# Rockler Workbench Caster Kit



## PBizme (Jan 21, 2012)

Has anyone here used it and what do you think of them?

I'm designing a bench for my table saw and I plan to have a fold out outfeed table as well as a fold out table from the left side. I'm trying to determine how big I can make the side table and it occured to me that this caster kit looks pretty big and may interfere with the table folding all the way down.

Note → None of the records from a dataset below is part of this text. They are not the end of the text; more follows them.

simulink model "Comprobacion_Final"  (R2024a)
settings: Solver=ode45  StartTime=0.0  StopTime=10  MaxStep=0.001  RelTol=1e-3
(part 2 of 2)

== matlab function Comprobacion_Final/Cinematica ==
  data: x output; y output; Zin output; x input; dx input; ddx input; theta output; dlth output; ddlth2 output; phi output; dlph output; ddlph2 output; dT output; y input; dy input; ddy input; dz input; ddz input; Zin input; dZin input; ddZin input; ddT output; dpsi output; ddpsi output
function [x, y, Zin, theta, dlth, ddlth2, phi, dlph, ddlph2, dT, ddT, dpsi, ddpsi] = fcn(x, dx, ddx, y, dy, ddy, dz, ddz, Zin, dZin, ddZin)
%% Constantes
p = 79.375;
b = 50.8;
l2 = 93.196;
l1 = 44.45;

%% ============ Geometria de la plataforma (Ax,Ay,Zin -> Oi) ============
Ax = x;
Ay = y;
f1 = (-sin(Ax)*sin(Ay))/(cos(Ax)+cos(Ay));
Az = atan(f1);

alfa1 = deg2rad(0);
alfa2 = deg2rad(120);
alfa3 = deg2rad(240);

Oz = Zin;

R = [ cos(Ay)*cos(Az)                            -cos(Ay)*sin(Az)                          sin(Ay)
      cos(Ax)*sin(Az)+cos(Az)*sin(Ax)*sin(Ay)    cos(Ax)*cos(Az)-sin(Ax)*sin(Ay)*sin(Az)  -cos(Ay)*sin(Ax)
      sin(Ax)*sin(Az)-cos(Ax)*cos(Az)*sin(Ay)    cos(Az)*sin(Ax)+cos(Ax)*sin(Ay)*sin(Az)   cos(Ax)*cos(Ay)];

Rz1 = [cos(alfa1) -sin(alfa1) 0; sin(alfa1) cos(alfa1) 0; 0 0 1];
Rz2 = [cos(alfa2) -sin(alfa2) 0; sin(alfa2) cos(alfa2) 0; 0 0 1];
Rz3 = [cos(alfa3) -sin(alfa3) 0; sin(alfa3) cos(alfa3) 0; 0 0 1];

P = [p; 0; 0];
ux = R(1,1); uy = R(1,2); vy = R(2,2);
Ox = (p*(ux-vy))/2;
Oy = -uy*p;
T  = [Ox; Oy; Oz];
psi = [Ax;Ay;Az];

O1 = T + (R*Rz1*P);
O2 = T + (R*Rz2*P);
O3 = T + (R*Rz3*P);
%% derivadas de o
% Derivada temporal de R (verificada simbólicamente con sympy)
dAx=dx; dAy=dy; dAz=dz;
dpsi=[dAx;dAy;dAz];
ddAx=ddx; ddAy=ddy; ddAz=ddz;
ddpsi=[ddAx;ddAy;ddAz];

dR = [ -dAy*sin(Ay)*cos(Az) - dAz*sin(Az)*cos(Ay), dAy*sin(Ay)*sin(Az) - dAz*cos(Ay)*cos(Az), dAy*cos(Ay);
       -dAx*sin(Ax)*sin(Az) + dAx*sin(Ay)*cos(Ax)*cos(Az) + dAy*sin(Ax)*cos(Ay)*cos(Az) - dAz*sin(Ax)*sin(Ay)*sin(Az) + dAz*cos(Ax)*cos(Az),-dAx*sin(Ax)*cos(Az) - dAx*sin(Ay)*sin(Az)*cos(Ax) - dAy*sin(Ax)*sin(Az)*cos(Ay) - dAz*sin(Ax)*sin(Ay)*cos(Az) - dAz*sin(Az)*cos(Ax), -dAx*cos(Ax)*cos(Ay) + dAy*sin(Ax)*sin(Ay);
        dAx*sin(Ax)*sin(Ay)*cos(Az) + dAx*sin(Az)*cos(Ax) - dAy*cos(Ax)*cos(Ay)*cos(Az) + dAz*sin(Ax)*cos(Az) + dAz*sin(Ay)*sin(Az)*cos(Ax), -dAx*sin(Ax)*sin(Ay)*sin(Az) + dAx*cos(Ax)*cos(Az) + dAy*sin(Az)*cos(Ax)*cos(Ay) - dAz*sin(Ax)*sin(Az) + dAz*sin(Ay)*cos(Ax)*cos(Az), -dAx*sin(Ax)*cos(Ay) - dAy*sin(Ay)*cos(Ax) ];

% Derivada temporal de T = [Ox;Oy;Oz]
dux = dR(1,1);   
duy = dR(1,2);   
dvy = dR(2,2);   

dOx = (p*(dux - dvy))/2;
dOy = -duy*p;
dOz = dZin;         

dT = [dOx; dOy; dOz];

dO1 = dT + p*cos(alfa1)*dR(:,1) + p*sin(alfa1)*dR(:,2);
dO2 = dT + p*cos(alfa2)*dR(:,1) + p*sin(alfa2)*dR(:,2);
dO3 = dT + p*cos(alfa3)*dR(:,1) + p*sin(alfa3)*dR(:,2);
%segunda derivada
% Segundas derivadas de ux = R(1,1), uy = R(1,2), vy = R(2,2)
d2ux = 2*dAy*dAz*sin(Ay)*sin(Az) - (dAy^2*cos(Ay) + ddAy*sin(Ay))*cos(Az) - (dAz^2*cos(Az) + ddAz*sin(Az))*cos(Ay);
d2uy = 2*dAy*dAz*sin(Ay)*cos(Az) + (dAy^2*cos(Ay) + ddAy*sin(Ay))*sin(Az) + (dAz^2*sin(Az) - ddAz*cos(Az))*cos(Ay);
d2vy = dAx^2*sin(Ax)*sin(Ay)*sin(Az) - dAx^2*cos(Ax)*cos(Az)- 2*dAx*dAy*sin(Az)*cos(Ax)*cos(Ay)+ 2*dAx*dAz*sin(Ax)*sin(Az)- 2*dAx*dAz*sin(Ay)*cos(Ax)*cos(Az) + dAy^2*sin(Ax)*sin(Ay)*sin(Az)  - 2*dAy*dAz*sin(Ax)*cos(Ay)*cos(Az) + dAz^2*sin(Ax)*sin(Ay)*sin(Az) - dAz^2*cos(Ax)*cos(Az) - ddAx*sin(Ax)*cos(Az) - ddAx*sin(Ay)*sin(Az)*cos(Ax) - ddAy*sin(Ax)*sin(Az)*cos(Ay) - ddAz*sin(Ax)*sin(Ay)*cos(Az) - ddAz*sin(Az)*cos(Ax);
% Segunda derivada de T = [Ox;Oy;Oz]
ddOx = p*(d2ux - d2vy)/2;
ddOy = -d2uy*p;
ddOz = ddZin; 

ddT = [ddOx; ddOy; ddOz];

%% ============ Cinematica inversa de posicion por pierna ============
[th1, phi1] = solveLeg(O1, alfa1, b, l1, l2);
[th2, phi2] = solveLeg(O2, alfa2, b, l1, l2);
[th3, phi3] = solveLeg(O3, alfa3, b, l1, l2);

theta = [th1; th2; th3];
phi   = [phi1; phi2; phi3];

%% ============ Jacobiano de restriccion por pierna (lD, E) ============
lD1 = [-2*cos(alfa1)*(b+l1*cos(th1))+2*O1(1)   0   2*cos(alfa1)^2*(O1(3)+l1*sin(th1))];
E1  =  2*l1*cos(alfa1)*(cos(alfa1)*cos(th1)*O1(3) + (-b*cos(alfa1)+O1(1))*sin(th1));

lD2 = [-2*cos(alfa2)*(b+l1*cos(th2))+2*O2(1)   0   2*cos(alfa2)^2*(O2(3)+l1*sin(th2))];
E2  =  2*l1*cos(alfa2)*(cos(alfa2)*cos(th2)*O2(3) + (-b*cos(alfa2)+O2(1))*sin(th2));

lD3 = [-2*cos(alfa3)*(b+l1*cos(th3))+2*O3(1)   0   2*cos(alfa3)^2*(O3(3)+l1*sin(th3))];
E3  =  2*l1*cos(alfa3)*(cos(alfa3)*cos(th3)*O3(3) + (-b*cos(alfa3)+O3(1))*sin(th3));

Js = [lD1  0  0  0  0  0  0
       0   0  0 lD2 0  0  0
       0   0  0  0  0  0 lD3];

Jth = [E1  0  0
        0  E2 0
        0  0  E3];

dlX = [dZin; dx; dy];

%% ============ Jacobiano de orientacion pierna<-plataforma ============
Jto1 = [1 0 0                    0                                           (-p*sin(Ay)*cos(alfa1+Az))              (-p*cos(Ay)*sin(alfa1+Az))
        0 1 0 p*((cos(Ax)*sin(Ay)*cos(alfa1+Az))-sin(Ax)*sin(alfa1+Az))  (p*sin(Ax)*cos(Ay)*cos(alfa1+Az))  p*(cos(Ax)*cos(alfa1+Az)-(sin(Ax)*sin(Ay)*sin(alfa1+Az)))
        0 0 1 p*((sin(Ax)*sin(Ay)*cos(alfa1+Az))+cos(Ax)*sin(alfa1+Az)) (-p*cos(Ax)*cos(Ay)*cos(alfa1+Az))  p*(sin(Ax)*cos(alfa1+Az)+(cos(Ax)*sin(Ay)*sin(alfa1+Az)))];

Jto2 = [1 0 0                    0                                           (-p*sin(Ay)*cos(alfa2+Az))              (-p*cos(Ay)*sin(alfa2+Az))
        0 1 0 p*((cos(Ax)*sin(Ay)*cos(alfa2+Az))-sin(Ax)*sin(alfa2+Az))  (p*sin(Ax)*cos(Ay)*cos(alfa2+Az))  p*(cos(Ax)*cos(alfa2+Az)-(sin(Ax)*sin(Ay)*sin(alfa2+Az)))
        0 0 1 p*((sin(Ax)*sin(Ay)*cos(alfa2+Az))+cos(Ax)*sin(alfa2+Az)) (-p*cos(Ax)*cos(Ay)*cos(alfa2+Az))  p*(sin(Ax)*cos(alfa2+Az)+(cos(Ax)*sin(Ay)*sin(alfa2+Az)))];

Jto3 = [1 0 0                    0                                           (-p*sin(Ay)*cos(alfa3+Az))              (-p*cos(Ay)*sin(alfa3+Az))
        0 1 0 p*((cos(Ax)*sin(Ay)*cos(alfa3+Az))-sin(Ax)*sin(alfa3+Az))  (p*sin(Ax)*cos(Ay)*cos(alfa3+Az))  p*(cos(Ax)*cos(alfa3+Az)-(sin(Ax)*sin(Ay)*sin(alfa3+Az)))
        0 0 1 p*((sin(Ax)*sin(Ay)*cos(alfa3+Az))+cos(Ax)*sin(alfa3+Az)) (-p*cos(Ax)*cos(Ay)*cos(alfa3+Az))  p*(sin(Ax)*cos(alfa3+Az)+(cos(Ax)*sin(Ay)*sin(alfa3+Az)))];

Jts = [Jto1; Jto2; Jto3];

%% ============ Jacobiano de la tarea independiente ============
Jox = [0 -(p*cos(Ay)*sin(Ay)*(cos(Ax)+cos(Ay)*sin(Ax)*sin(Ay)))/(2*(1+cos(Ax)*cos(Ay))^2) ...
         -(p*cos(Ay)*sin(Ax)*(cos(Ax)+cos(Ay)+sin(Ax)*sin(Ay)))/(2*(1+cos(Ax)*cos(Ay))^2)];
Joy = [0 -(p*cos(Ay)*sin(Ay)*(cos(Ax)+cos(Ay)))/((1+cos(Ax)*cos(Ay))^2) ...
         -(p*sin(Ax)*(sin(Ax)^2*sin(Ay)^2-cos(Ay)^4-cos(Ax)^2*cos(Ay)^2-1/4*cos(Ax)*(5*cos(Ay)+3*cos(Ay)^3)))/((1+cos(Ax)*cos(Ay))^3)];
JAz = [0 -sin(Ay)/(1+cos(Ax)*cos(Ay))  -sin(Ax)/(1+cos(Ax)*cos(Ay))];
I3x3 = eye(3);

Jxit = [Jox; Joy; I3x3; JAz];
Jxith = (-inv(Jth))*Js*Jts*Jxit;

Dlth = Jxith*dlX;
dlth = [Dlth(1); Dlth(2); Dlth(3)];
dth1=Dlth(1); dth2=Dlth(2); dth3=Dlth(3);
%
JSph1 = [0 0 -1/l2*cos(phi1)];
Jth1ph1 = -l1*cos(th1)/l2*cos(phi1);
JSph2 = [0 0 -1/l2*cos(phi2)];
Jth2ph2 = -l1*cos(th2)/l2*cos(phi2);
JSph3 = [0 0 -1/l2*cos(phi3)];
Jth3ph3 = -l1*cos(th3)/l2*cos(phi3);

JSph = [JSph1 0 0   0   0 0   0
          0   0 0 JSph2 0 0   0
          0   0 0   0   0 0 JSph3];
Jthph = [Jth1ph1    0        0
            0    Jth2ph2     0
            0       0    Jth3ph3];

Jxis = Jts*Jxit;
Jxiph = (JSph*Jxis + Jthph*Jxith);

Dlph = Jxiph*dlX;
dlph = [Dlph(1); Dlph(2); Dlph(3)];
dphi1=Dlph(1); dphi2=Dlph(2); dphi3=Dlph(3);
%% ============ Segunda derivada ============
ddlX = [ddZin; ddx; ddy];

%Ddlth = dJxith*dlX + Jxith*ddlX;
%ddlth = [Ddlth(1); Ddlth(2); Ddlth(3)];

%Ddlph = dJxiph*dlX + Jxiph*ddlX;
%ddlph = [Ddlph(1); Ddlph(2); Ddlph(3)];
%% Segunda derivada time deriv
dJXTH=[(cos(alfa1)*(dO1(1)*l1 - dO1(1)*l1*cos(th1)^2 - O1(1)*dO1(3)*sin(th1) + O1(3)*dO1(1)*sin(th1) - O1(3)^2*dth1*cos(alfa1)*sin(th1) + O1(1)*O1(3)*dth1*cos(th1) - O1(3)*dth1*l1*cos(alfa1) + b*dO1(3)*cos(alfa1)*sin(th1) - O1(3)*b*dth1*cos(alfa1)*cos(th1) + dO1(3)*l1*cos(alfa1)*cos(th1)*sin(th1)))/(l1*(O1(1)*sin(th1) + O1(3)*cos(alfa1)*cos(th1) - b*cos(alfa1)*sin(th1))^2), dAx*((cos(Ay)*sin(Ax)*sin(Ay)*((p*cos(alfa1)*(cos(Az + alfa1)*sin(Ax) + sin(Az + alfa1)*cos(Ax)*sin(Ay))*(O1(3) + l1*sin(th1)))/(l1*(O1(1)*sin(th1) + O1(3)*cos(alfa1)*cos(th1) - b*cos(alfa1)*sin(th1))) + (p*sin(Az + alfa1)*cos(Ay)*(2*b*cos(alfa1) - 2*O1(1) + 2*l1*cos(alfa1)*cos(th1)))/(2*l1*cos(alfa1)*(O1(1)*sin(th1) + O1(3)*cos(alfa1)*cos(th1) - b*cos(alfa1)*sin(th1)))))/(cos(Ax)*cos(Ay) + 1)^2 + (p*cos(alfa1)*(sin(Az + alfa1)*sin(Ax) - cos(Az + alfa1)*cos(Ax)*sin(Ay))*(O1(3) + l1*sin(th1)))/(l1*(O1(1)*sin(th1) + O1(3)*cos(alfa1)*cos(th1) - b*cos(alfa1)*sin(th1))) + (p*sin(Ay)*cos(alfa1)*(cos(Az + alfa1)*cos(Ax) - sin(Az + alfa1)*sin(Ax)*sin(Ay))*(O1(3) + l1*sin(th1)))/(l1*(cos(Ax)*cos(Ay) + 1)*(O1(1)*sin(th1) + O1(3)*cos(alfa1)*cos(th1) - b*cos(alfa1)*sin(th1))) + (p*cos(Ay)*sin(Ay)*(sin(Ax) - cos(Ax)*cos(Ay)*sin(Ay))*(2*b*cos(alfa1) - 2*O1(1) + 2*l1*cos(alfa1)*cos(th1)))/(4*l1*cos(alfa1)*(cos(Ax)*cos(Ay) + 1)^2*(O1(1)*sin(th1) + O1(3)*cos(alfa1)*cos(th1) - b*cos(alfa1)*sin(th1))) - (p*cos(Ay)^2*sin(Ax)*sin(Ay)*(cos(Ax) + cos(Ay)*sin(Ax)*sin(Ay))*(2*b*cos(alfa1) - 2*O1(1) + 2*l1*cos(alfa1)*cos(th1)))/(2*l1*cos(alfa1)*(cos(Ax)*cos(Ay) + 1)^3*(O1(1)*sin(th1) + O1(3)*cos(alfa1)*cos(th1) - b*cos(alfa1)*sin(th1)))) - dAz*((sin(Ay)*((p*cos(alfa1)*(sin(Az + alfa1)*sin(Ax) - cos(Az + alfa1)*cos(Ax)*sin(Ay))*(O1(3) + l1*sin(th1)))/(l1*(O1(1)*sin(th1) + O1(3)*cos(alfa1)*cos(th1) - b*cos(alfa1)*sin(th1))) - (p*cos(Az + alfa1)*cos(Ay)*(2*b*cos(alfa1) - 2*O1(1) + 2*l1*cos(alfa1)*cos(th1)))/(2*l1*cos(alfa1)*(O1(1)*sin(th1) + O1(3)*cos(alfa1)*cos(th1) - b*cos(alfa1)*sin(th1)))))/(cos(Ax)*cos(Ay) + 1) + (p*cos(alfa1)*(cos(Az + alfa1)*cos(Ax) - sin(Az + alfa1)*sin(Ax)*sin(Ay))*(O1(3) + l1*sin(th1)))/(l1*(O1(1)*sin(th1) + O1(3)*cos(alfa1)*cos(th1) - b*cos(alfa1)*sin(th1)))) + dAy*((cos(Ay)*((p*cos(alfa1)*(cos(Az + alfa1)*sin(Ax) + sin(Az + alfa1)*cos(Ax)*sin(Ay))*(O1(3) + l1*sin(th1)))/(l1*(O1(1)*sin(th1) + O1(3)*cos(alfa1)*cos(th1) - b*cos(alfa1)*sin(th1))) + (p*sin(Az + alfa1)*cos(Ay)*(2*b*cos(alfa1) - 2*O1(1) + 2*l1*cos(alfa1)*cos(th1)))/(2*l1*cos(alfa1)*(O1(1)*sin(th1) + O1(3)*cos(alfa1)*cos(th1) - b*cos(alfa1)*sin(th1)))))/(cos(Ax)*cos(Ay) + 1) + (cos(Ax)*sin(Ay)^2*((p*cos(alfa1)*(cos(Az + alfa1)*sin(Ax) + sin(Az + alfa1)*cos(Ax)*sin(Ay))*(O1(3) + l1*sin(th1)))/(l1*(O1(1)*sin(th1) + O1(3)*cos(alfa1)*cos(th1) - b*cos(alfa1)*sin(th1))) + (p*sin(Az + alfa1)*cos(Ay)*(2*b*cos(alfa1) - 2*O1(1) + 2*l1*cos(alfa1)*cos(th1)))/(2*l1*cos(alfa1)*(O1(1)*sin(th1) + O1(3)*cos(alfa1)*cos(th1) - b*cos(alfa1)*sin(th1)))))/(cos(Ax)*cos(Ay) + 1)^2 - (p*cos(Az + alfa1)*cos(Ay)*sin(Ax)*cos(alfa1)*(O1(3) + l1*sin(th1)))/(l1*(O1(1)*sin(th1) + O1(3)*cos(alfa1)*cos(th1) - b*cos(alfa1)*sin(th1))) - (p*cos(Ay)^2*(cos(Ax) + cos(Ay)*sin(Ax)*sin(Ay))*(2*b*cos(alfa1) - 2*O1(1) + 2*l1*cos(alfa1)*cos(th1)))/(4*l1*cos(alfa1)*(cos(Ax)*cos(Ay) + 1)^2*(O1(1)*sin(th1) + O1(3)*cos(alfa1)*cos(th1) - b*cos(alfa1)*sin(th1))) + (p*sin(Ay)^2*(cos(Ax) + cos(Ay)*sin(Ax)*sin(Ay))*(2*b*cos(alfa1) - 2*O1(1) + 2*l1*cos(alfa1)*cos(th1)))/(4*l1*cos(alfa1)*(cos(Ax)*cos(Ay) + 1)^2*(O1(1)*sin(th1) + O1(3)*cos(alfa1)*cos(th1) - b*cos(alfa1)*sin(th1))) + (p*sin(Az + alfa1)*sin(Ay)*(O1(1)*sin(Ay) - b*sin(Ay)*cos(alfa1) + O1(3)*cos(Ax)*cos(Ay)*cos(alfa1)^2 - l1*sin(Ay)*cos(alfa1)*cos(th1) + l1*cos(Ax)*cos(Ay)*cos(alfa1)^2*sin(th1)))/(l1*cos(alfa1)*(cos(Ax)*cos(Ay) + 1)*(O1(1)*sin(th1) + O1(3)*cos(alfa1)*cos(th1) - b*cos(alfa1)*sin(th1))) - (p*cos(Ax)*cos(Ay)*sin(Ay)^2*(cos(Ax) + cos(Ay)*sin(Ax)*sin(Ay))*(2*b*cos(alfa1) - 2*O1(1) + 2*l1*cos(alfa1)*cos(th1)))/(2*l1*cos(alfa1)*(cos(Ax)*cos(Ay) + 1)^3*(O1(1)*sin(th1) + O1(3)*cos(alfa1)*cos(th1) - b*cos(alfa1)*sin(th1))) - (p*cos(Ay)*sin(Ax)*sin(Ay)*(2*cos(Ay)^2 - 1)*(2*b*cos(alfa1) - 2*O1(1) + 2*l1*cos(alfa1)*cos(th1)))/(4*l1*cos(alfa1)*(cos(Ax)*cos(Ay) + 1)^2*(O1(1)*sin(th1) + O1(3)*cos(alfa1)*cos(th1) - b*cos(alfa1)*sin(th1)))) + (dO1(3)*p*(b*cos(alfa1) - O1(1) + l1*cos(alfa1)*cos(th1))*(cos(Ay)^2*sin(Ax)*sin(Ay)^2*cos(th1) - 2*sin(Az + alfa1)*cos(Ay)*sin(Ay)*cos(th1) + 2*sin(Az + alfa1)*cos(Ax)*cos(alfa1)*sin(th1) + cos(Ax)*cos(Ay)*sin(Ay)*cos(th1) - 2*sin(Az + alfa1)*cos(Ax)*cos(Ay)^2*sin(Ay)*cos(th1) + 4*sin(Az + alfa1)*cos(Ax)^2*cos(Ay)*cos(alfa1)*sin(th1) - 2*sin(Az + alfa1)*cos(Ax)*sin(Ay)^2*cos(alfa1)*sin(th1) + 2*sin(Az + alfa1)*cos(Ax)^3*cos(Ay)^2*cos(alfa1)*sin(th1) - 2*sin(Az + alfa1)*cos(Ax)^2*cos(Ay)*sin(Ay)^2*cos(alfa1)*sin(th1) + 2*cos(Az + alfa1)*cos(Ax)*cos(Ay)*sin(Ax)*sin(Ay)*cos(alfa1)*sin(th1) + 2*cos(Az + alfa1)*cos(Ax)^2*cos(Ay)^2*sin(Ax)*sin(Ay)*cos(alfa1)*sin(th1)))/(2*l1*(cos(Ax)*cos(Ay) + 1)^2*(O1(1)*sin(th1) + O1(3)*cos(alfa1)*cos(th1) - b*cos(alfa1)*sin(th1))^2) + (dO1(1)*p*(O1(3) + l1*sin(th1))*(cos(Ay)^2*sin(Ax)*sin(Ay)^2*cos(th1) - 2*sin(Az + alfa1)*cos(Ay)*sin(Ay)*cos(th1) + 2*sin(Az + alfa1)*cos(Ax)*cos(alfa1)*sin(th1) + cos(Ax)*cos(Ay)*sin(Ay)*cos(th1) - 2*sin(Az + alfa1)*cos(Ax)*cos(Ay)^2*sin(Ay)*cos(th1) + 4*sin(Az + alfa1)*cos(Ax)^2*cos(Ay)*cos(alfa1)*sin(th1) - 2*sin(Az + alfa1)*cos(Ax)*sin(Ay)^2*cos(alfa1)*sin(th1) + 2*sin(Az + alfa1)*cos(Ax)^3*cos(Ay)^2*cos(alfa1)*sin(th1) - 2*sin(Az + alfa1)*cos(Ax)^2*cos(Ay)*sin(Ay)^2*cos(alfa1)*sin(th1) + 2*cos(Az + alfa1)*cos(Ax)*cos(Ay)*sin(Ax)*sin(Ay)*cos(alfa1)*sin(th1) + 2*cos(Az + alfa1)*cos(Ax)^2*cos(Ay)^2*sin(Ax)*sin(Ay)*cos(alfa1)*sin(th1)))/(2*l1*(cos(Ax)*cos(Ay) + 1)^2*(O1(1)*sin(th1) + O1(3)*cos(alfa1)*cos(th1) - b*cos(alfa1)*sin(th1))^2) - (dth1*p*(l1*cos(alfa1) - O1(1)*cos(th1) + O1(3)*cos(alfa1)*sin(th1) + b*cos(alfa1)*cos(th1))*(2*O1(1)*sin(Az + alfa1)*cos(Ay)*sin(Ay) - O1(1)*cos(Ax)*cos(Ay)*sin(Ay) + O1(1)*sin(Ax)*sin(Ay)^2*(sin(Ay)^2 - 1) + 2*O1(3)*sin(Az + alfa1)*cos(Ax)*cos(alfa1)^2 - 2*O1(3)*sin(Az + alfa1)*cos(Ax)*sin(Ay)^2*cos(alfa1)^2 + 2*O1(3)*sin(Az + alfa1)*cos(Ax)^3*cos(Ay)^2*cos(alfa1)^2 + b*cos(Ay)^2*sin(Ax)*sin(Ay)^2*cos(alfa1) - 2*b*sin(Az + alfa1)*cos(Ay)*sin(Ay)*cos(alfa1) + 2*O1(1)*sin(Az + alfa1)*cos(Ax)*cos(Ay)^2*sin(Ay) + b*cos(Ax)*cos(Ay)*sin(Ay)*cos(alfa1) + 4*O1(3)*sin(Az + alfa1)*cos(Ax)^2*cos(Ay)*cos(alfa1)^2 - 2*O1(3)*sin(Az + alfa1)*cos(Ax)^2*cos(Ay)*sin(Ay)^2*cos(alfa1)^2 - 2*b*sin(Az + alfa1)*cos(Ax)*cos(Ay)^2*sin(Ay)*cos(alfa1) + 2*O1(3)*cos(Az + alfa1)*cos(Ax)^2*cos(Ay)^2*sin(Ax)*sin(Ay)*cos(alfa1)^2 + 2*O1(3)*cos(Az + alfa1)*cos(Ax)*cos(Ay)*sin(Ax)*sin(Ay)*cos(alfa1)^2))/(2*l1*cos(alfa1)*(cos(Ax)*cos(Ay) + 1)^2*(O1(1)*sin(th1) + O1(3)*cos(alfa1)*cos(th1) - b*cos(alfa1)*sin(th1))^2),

Can you tell me how far they stick out from the side of the table and how tall they are at the highest point?


----------



## PBizme (Jan 21, 2012)

I actually got an answer from someone on another site and he sent me a couple pictures to show how big they are.


----------



## sonofbuster (Mar 28, 2010)

that's a great idea. i plan on making an assembly table to be used in the garage, but i will also be storing a trailer in there (on it's side) and will have to move things around to get the trailer out. i also like the leveling feet.


----------



## Al B Thayer (Dec 10, 2011)

I wanted to put casters on a setup assembly bench I built but didn't like having to lock them to work and didn't think the casters would last. But I wanted a quick way to move the bench if needed.

This was my solution.









This picture is a single non swivel caster I picked up at Harbor Tools for $10.









This is the device used to lock the caster in position. In this picture the caster is up and the bench is resting on the legs









This is locked in the down position. I lift the table and slide it in place by pushing the rod in with my foot. All I have to do to disengage the caster is lift the bench and the spring pulls the device out and let's the caster hinge up. The caster is centered and it rolls very easy much like one with 4 small casters.

Friends don't let friends use stamped metal tools sold at clothing stores.


----------



## Al B Thayer (Dec 10, 2011)

This is the end result.









The single caster is in the center. Very easy to engage and roll around.

Al

Friends don't let friends use stamped metal tools sold at clothing stores.


----------



## jharris2 (Jul 9, 2012)

Very slick setup Al. That's a nice table. 

I hope I have room for one someday


----------



## Al B Thayer (Dec 10, 2011)

jharris2 said:


> Very slick setup Al. That's a nice table.
> 
> I hope I have room for one someday


Thanks. I built it because there are many times when the floor is too low and the work bench too high. 

Al

Friends don't let friends use stamped metal tools sold at clothing stores.


----------